# Buying finca, what documents to look out for?



## Robors2 (Jun 12, 2015)

Hi, today I have seen finca I would love to buy. The land is big about 5 hectars with a little casa (40 sqm) . What documents do I need to ask for to make sure I do not but Cut in the bag  . I am aware of public document and catastral document. Where do I ask for these documents?
cheers
Rob


----------



## Campesina (Dec 17, 2011)

You can apply for an extract from the property registry (nota simple) here:

https://www.registradores.org:444/propiedad/pags/home/finteractiva.jsp

and you can check details held by Catastro here:

https://www1.sedecatastro.gob.es/OVCFrames.aspx?TIPO=CONSULTA

You will need certain information to carry out these checks. At the very least you will need the property registration number which will be contained in the escritura and the catastral reference which will be shown on the rates receipt.
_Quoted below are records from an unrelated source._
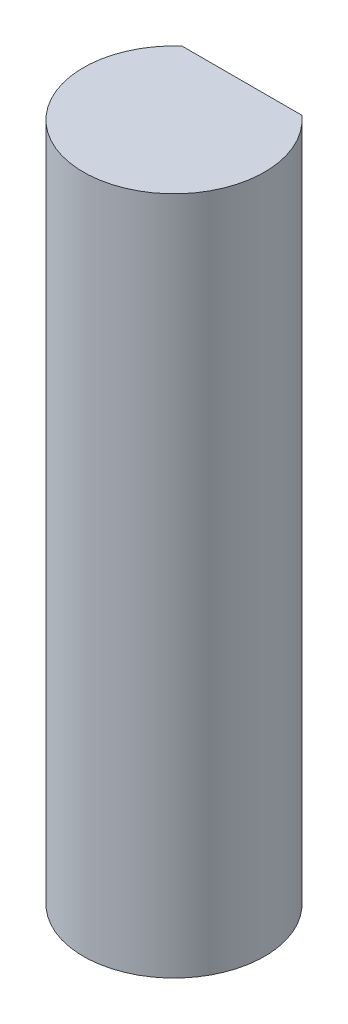
ISO-10303-21;
HEADER;
FILE_DESCRIPTION(('STEP AP214'),'2;1');
FILE_NAME('part.step','',(''),(''),'','','');
FILE_SCHEMA(('AUTOMOTIVE_DESIGN { 1 0 10303 214 1 1 1 1 }'));
ENDSEC;
DATA;
#1=APPLICATION_CONTEXT('core data for automotive mechanical design processes');
#2=APPLICATION_PROTOCOL_DEFINITION('international standard','automotive_design',2000,#1);
#3=PRODUCT_CONTEXT('',#1,'mechanical');
#4=PRODUCT('Part','Part','',(#3));
#5=PRODUCT_RELATED_PRODUCT_CATEGORY('part','',(#4));
#6=PRODUCT_DEFINITION_FORMATION('','',#4);
#7=PRODUCT_DEFINITION_CONTEXT('part definition',#1,'design');
#8=PRODUCT_DEFINITION('design','',#6,#7);
#9=PRODUCT_DEFINITION_SHAPE('','',#8);
#10=(LENGTH_UNIT() NAMED_UNIT(*) SI_UNIT(.MILLI.,.METRE.));
#11=(NAMED_UNIT(*) PLANE_ANGLE_UNIT() SI_UNIT($,.RADIAN.));
#12=(NAMED_UNIT(*) SI_UNIT($,.STERADIAN.) SOLID_ANGLE_UNIT());
#13=UNCERTAINTY_MEASURE_WITH_UNIT(LENGTH_MEASURE(1.E-05),#10,'distance_accuracy_value','');
#14=(GEOMETRIC_REPRESENTATION_CONTEXT(3) GLOBAL_UNCERTAINTY_ASSIGNED_CONTEXT((#13)) GLOBAL_UNIT_ASSIGNED_CONTEXT((#10,
#11,#12)) REPRESENTATION_CONTEXT('',''));
#15=CARTESIAN_POINT('',(0.,0.,0.));
#16=DIRECTION('',(0.,0.,1.));
#17=DIRECTION('',(1.,0.,0.));
#18=AXIS2_PLACEMENT_3D('',#15,#16,#17);
#19=CARTESIAN_POINT('',(0.,7.5,0.));
#20=DIRECTION('',(0.,-1.,0.));
#21=DIRECTION('',(0.,0.,-1.));
#22=AXIS2_PLACEMENT_3D('',#19,#20,#21);
#23=CYLINDRICAL_SURFACE('',#22,2.);
#24=CARTESIAN_POINT('',(0.,-7.5,0.));
#25=DIRECTION('',(0.,1.,0.));
#26=DIRECTION('',(0.,0.,1.));
#27=AXIS2_PLACEMENT_3D('',#24,#25,#26);
#28=CIRCLE('',#27,2.);
#29=CARTESIAN_POINT('',(-1.3228756555323,-7.5,-1.5));
#30=VERTEX_POINT('',#29);
#31=CARTESIAN_POINT('',(1.3228756555323,-7.5,-1.5));
#32=VERTEX_POINT('',#31);
#33=EDGE_CURVE('E67',#30,#32,#28,.T.);
#34=ORIENTED_EDGE('',*,*,#33,.T.);
#35=DIRECTION('',(0.,-1.,0.));
#36=VECTOR('',#35,1.);
#37=CARTESIAN_POINT('',(1.3228756555323,7.5,-1.5));
#38=LINE('',#37,#36);
#39=CARTESIAN_POINT('',(1.3228756555323,7.5,-1.5));
#40=VERTEX_POINT('',#39);
#41=EDGE_CURVE('E11',#40,#32,#38,.T.);
#42=ORIENTED_EDGE('',*,*,#41,.F.);
#43=CARTESIAN_POINT('',(0.,7.5,0.));
#44=DIRECTION('',(0.,1.,0.));
#45=DIRECTION('',(0.,0.,1.));
#46=AXIS2_PLACEMENT_3D('',#43,#44,#45);
#47=CIRCLE('',#46,2.);
#48=CARTESIAN_POINT('',(-1.3228756555323,7.5,-1.5));
#49=VERTEX_POINT('',#48);
#50=EDGE_CURVE('E66',#49,#40,#47,.T.);
#51=ORIENTED_EDGE('',*,*,#50,.F.);
#52=DIRECTION('',(0.,-1.,0.));
#53=VECTOR('',#52,1.);
#54=CARTESIAN_POINT('',(-1.3228756555323,7.5,-1.5));
#55=LINE('',#54,#53);
#56=EDGE_CURVE('E44',#49,#30,#55,.T.);
#57=ORIENTED_EDGE('',*,*,#56,.T.);
#58=EDGE_LOOP('',(#34,#42,#51,#57));
#59=FACE_BOUND('',#58,.T.);
#60=ADVANCED_FACE('F36',(#59),#23,.T.);
#61=CARTESIAN_POINT('',(1.3228756555323,7.5,-1.5));
#62=DIRECTION('',(0.,0.,1.));
#63=DIRECTION('',(1.,0.,0.));
#64=AXIS2_PLACEMENT_3D('',#61,#62,#63);
#65=PLANE('',#64);
#66=DIRECTION('',(-1.,0.,0.));
#67=VECTOR('',#66,1.);
#68=CARTESIAN_POINT('',(1.3228756555323,-7.5,-1.5));
#69=LINE('',#68,#67);
#70=EDGE_CURVE('E59',#32,#30,#69,.T.);
#71=ORIENTED_EDGE('',*,*,#70,.T.);
#72=ORIENTED_EDGE('',*,*,#56,.F.);
#73=DIRECTION('',(-1.,0.,0.));
#74=VECTOR('',#73,1.);
#75=CARTESIAN_POINT('',(1.3228756555323,7.5,-1.5));
#76=LINE('',#75,#74);
#77=EDGE_CURVE('E51',#40,#49,#76,.T.);
#78=ORIENTED_EDGE('',*,*,#77,.F.);
#79=ORIENTED_EDGE('',*,*,#41,.T.);
#80=EDGE_LOOP('',(#71,#72,#78,#79));
#81=FACE_BOUND('',#80,.T.);
#82=ADVANCED_FACE('F62',(#81),#65,.F.);
#83=CARTESIAN_POINT('',(0.,7.5,0.));
#84=DIRECTION('',(0.,1.,0.));
#85=DIRECTION('',(0.,0.,1.));
#86=AXIS2_PLACEMENT_3D('',#83,#84,#85);
#87=PLANE('',#86);
#88=ORIENTED_EDGE('',*,*,#50,.T.);
#89=ORIENTED_EDGE('',*,*,#77,.T.);
#90=EDGE_LOOP('',(#88,#89));
#91=FACE_BOUND('',#90,.T.);
#92=ADVANCED_FACE('F74',(#91),#87,.T.);
#93=CARTESIAN_POINT('',(0.,-7.5,0.));
#94=DIRECTION('',(0.,1.,0.));
#95=DIRECTION('',(0.,0.,1.));
#96=AXIS2_PLACEMENT_3D('',#93,#94,#95);
#97=PLANE('',#96);
#98=ORIENTED_EDGE('',*,*,#33,.F.);
#99=ORIENTED_EDGE('',*,*,#70,.F.);
#100=EDGE_LOOP('',(#98,#99));
#101=FACE_BOUND('',#100,.T.);
#102=ADVANCED_FACE('F70',(#101),#97,.F.);
#103=CLOSED_SHELL('',(#60,#82,#92,#102));
#104=MANIFOLD_SOLID_BREP('B2',#103);
#105=ADVANCED_BREP_SHAPE_REPRESENTATION('',(#18,#104),#14);
#106=SHAPE_DEFINITION_REPRESENTATION(#9,#105);
ENDSEC;
END-ISO-10303-21;

Your query is really too vague to be able to give any specific help but make sure that the building features in the nota simple and that it is described as a dwelling rather than a toolshed. 

There should also be a building licence for the construction of the property and a certificate of first occupation or a genuine certificate of antiquity if the property is over a certain number of years old depending on the municipality in which it is located.

Proof of payment of IBI (local rates) should not be taken as an indication of the legality of the property.

Unless you have an excellent command of the language you will need the help of a translator who specialises in legal work.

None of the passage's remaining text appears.